------ Available data ------
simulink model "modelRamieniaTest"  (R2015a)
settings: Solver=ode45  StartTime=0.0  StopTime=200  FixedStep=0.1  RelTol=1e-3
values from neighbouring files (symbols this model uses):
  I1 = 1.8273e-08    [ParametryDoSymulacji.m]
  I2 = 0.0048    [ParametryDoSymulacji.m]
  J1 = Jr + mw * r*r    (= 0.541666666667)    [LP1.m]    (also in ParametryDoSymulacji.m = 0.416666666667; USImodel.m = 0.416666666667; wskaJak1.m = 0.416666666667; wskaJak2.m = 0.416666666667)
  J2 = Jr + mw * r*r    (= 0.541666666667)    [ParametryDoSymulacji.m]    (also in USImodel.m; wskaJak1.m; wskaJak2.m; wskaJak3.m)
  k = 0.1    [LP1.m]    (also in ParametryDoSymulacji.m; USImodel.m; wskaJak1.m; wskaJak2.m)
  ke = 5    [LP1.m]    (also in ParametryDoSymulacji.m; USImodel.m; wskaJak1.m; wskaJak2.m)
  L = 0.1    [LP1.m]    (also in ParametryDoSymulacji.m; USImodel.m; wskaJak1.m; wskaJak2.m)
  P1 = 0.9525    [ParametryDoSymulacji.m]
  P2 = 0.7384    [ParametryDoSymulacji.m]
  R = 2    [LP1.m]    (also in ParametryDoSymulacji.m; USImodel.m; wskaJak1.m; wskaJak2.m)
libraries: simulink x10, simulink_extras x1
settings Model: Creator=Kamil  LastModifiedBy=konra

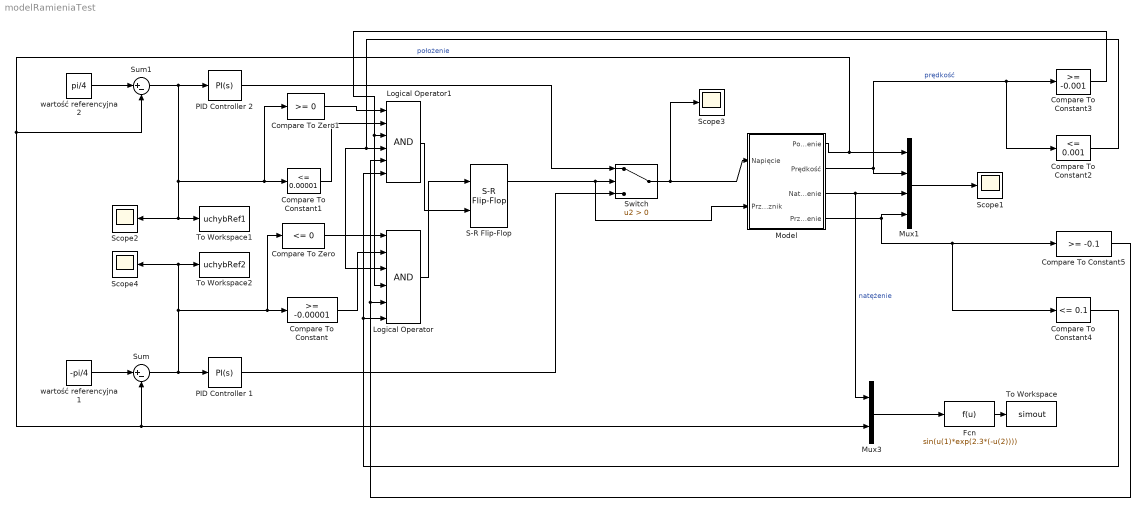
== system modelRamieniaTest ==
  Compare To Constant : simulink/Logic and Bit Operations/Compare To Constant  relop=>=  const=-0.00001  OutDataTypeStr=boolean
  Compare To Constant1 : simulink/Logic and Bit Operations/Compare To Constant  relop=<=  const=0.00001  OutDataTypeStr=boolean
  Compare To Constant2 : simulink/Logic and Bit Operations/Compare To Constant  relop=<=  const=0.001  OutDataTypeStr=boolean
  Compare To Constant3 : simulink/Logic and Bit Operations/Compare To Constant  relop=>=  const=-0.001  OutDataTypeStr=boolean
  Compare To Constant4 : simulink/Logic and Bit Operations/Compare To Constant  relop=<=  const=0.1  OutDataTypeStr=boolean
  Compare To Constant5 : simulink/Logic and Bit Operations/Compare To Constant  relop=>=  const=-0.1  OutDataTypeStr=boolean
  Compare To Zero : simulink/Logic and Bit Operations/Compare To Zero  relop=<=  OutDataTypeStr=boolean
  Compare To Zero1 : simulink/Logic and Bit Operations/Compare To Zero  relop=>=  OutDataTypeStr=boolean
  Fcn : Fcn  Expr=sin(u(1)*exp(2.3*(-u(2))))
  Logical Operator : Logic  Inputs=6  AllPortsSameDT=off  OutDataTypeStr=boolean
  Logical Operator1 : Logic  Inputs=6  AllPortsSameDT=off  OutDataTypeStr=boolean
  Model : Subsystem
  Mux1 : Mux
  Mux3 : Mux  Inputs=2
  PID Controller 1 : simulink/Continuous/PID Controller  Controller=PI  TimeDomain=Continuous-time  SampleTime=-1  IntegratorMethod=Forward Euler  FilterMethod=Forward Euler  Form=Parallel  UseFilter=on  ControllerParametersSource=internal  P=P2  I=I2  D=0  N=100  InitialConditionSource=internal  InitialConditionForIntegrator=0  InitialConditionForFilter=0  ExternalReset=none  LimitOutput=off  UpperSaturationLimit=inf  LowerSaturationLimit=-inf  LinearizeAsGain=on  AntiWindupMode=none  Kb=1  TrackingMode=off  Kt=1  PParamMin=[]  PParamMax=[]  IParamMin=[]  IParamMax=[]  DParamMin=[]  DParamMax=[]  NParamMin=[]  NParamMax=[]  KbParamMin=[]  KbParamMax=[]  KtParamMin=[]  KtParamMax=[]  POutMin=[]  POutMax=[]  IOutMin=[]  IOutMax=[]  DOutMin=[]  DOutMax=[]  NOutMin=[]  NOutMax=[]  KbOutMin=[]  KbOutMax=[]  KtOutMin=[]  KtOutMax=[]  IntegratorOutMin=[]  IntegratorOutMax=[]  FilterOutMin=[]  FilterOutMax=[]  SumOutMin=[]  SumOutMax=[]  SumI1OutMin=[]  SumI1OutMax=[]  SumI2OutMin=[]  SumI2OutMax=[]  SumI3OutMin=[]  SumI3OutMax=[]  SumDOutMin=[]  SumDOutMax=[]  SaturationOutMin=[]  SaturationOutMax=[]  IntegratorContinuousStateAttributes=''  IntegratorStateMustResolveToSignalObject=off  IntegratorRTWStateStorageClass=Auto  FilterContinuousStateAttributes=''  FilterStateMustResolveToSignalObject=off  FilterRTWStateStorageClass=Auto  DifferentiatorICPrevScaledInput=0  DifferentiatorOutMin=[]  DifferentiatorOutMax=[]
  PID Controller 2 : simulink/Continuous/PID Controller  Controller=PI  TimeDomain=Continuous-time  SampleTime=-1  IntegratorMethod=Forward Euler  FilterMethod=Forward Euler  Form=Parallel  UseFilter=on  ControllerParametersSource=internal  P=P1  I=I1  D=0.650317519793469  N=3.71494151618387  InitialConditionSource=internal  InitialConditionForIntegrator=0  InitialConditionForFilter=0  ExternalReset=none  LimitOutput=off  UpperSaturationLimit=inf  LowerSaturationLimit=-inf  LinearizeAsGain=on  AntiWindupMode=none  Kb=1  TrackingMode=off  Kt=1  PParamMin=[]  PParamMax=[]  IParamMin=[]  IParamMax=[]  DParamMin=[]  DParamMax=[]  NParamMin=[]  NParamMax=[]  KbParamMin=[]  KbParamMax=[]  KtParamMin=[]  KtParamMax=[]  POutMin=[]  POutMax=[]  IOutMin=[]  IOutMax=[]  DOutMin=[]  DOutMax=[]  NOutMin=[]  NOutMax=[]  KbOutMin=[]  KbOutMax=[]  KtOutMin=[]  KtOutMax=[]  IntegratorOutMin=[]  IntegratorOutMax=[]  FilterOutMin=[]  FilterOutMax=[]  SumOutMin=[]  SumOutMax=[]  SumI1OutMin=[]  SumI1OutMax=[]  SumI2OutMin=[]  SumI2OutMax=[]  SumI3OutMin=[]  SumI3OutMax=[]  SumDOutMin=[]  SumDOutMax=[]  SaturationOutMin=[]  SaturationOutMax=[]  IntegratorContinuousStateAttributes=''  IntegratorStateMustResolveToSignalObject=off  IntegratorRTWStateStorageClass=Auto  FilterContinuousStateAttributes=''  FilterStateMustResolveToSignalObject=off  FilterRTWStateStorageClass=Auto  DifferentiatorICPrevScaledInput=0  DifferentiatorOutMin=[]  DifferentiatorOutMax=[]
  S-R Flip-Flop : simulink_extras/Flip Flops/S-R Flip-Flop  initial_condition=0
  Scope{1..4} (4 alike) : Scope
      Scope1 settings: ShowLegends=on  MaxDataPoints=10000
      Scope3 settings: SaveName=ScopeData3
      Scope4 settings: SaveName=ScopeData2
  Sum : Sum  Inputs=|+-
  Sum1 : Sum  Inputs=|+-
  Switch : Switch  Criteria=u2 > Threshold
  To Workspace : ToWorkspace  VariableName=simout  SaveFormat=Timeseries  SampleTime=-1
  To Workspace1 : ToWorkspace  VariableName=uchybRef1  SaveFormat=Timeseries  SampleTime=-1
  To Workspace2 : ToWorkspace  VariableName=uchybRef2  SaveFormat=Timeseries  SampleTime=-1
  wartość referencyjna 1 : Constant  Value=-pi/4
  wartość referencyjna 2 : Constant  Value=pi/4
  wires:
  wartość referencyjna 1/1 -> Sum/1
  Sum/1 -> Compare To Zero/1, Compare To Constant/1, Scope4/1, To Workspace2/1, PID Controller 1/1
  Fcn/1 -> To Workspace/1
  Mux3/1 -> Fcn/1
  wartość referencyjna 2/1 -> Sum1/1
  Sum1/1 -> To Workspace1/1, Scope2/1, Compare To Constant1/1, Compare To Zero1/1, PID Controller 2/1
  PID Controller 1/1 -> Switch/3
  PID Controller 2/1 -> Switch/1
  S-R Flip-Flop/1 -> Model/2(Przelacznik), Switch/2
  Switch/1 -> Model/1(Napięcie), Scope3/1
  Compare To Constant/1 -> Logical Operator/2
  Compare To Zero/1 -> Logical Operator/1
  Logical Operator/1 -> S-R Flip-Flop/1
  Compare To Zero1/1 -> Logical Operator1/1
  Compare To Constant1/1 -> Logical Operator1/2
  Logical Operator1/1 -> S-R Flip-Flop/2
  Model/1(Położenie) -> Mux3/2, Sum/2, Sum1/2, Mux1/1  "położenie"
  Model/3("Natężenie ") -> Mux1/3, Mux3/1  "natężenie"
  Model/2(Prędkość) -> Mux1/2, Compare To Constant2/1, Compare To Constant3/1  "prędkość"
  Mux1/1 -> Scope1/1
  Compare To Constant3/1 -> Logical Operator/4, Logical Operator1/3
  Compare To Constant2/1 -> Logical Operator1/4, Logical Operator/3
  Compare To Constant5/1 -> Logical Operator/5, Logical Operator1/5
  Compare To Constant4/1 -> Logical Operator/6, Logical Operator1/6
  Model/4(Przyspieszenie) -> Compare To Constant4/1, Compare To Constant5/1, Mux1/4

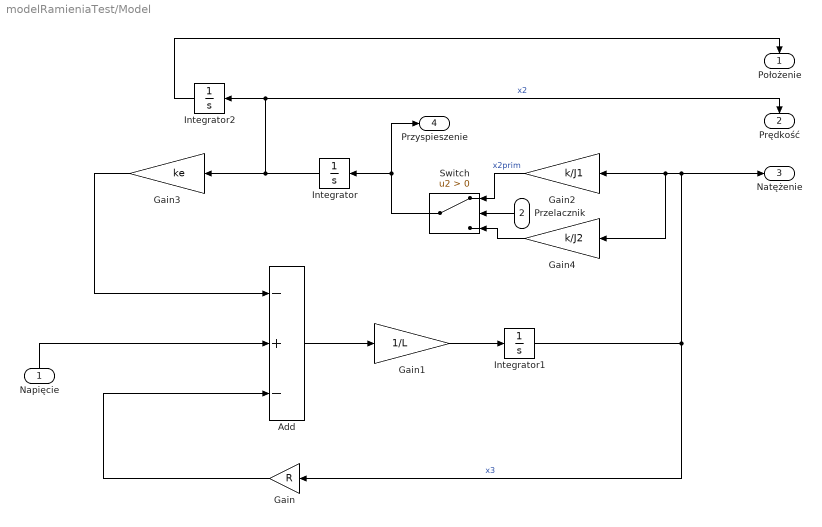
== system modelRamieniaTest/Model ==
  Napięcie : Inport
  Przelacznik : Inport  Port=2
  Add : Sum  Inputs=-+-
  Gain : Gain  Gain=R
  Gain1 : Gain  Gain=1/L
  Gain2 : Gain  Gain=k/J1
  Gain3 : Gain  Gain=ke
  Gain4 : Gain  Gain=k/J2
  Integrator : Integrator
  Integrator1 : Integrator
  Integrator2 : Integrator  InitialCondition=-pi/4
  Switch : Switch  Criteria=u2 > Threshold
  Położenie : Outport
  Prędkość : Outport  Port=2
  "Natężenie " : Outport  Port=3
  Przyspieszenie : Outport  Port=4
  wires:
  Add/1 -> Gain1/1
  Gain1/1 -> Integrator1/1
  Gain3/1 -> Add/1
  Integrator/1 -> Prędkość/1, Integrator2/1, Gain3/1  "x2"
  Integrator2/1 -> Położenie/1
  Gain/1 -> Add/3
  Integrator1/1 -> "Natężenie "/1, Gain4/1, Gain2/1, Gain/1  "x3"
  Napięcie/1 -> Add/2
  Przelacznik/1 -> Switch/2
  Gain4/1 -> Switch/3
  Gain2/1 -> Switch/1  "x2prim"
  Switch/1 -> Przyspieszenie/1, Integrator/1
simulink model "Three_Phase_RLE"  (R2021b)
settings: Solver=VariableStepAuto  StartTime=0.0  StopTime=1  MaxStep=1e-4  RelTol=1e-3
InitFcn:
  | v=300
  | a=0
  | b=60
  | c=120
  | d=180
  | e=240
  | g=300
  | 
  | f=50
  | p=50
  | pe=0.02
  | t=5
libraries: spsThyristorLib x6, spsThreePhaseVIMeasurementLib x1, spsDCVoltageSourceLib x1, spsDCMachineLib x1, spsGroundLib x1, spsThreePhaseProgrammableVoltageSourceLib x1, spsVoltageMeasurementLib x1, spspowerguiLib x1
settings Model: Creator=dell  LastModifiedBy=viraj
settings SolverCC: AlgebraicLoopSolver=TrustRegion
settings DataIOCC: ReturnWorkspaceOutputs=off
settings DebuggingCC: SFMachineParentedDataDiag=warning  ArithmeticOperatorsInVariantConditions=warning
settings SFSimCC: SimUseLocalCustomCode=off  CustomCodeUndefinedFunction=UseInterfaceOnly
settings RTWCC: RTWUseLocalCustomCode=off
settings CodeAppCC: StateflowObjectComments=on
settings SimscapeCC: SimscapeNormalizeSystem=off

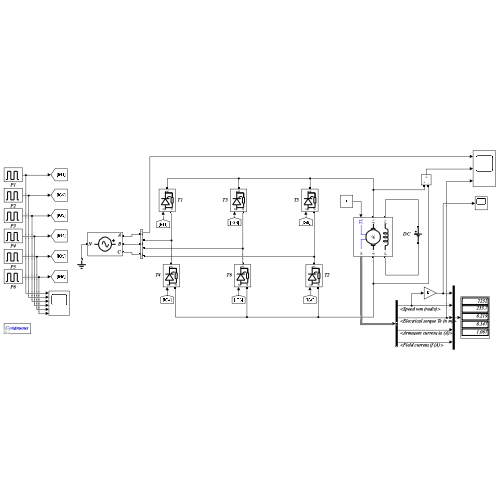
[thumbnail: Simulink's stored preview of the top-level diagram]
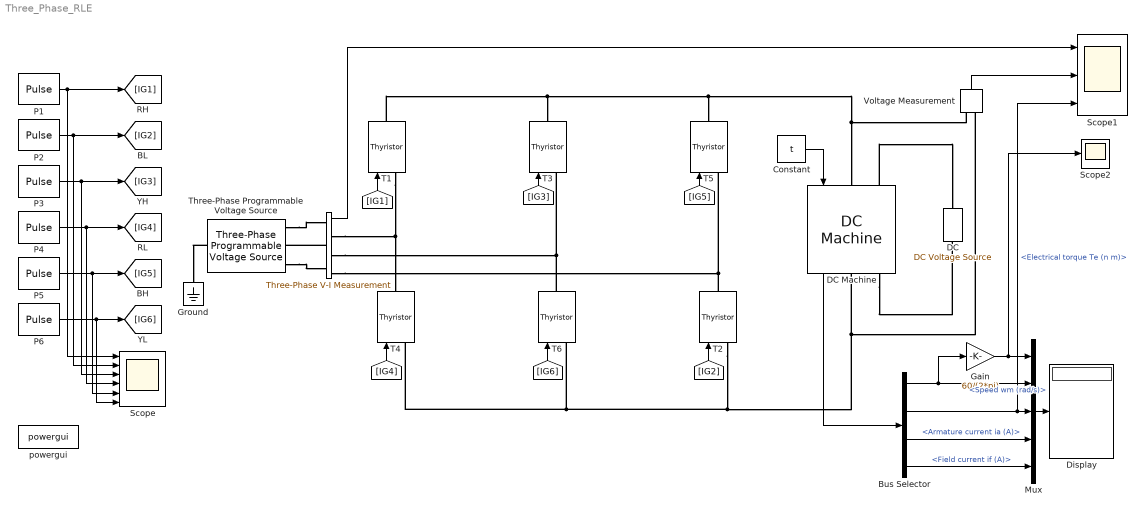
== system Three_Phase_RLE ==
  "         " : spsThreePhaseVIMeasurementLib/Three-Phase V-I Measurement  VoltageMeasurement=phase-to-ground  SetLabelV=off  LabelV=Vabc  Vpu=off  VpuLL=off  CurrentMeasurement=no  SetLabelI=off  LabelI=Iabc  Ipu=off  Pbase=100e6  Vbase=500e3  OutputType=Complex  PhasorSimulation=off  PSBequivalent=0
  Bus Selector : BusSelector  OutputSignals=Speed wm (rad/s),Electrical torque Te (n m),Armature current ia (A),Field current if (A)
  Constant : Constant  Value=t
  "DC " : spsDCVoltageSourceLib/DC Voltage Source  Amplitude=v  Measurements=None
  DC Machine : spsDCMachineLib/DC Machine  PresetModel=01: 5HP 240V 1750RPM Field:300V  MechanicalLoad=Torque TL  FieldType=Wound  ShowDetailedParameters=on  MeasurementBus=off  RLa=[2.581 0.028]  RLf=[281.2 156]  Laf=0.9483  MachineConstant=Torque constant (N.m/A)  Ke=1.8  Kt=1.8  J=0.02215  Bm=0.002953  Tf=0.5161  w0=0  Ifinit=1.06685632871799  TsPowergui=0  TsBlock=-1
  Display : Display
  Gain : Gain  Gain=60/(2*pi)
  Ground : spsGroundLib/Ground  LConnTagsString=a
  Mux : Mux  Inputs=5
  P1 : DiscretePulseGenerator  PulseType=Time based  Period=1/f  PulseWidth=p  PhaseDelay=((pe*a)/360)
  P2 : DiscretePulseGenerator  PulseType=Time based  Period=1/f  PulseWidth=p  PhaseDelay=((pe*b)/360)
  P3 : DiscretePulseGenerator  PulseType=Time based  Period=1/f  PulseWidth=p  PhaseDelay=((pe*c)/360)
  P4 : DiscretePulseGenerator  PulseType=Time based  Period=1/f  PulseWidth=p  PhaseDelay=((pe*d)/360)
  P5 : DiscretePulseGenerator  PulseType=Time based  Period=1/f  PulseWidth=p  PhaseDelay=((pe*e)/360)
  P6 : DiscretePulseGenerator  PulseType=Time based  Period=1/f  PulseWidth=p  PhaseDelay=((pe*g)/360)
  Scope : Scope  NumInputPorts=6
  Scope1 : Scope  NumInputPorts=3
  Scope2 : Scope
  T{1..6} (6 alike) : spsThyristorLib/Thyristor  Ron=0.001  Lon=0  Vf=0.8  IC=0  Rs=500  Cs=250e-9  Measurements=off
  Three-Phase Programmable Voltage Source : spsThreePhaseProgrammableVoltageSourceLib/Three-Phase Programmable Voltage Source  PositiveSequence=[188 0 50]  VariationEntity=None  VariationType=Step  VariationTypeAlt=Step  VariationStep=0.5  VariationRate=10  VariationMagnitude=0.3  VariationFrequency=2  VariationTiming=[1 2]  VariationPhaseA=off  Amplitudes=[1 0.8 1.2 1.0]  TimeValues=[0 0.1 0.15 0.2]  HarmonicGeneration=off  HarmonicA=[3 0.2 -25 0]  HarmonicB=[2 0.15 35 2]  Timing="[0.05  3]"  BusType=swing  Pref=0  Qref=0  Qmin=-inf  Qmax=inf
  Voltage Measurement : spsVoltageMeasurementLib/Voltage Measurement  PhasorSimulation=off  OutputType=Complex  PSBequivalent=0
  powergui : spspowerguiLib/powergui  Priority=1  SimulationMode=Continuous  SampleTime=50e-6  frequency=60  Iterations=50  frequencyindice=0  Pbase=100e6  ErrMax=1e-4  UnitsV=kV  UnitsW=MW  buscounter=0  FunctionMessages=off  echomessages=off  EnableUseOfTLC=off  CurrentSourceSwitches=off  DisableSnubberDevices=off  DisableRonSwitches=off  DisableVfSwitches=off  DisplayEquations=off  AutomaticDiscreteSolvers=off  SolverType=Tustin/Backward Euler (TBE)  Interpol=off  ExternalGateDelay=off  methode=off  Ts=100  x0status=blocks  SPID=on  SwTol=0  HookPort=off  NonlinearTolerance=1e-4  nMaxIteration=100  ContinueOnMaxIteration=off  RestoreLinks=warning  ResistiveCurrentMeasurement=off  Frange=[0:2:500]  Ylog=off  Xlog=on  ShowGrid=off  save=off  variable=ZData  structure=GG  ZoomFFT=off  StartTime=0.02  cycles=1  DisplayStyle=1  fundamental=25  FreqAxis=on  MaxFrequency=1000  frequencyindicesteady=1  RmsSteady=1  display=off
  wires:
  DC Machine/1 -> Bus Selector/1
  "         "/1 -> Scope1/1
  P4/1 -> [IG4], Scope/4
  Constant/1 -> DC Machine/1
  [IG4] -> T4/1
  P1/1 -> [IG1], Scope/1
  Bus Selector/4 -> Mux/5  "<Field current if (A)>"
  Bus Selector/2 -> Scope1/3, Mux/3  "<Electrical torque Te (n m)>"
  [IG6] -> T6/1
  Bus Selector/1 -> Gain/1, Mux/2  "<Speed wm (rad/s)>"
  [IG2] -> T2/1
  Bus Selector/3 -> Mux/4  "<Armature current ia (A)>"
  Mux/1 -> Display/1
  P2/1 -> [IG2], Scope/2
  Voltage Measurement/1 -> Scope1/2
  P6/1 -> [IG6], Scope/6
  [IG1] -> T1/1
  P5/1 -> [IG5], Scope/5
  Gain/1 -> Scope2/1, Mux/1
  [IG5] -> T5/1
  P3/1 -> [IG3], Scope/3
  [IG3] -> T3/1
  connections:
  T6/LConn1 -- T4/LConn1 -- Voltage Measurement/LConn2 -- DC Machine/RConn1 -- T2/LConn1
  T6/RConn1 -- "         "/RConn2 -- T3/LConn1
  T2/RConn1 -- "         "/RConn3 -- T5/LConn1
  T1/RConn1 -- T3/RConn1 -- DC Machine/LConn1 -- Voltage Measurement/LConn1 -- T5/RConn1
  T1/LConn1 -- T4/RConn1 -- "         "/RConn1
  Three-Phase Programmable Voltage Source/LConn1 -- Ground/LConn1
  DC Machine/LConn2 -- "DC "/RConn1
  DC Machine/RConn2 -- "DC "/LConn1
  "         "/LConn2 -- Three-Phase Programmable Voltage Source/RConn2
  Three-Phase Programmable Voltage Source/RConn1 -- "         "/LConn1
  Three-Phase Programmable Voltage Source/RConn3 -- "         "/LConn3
------
■ Required work
Exactly the lines above from the one that contains "Model/1(Położenie) -> Mux3/2, Sum/2, Sum1/2, Mux1/1" down to the one that contains "settings SolverCC: AlgebraicLoopSolver=TrustRegion" are to be output, both ends kept and pictures omitted.

■ Reply
  Model/1(Położenie) -> Mux3/2, Sum/2, Sum1/2, Mux1/1  "położenie"
  Model/3("Natężenie ") -> Mux1/3, Mux3/1  "natężenie"
  Model/2(Prędkość) -> Mux1/2, Compare To Constant2/1, Compare To Constant3/1  "prędkość"
  Mux1/1 -> Scope1/1
  Compare To Constant3/1 -> Logical Operator/4, Logical Operator1/3
  Compare To Constant2/1 -> Logical Operator1/4, Logical Operator/3
  Compare To Constant5/1 -> Logical Operator/5, Logical Operator1/5
  Compare To Constant4/1 -> Logical Operator/6, Logical Operator1/6
  Model/4(Przyspieszenie) -> Compare To Constant4/1, Compare To Constant5/1, Mux1/4

== system modelRamieniaTest/Model ==
  Napięcie : Inport
  Przelacznik : Inport  Port=2
  Add : Sum  Inputs=-+-
  Gain : Gain  Gain=R
  Gain1 : Gain  Gain=1/L
  Gain2 : Gain  Gain=k/J1
  Gain3 : Gain  Gain=ke
  Gain4 : Gain  Gain=k/J2
  Integrator : Integrator
  Integrator1 : Integrator
  Integrator2 : Integrator  InitialCondition=-pi/4
  Switch : Switch  Criteria=u2 > Threshold
  Położenie : Outport
  Prędkość : Outport  Port=2
  "Natężenie " : Outport  Port=3
  Przyspieszenie : Outport  Port=4
  wires:
  Add/1 -> Gain1/1
  Gain1/1 -> Integrator1/1
  Gain3/1 -> Add/1
  Integrator/1 -> Prędkość/1, Integrator2/1, Gain3/1  "x2"
  Integrator2/1 -> Położenie/1
  Gain/1 -> Add/3
  Integrator1/1 -> "Natężenie "/1, Gain4/1, Gain2/1, Gain/1  "x3"
  Napięcie/1 -> Add/2
  Przelacznik/1 -> Switch/2
  Gain4/1 -> Switch/3
  Gain2/1 -> Switch/1  "x2prim"
  Switch/1 -> Przyspieszenie/1, Integrator/1
simulink model "Three_Phase_RLE"  (R2021b)
settings: Solver=VariableStepAuto  StartTime=0.0  StopTime=1  MaxStep=1e-4  RelTol=1e-3
InitFcn:
  | v=300
  | a=0
  | b=60
  | c=120
  | d=180
  | e=240
  | g=300
  | 
  | f=50
  | p=50
  | pe=0.02
  | t=5
libraries: spsThyristorLib x6, spsThreePhaseVIMeasurementLib x1, spsDCVoltageSourceLib x1, spsDCMachineLib x1, spsGroundLib x1, spsThreePhaseProgrammableVoltageSourceLib x1, spsVoltageMeasurementLib x1, spspowerguiLib x1
settings Model: Creator=dell  LastModifiedBy=viraj
settings SolverCC: AlgebraicLoopSolver=TrustRegion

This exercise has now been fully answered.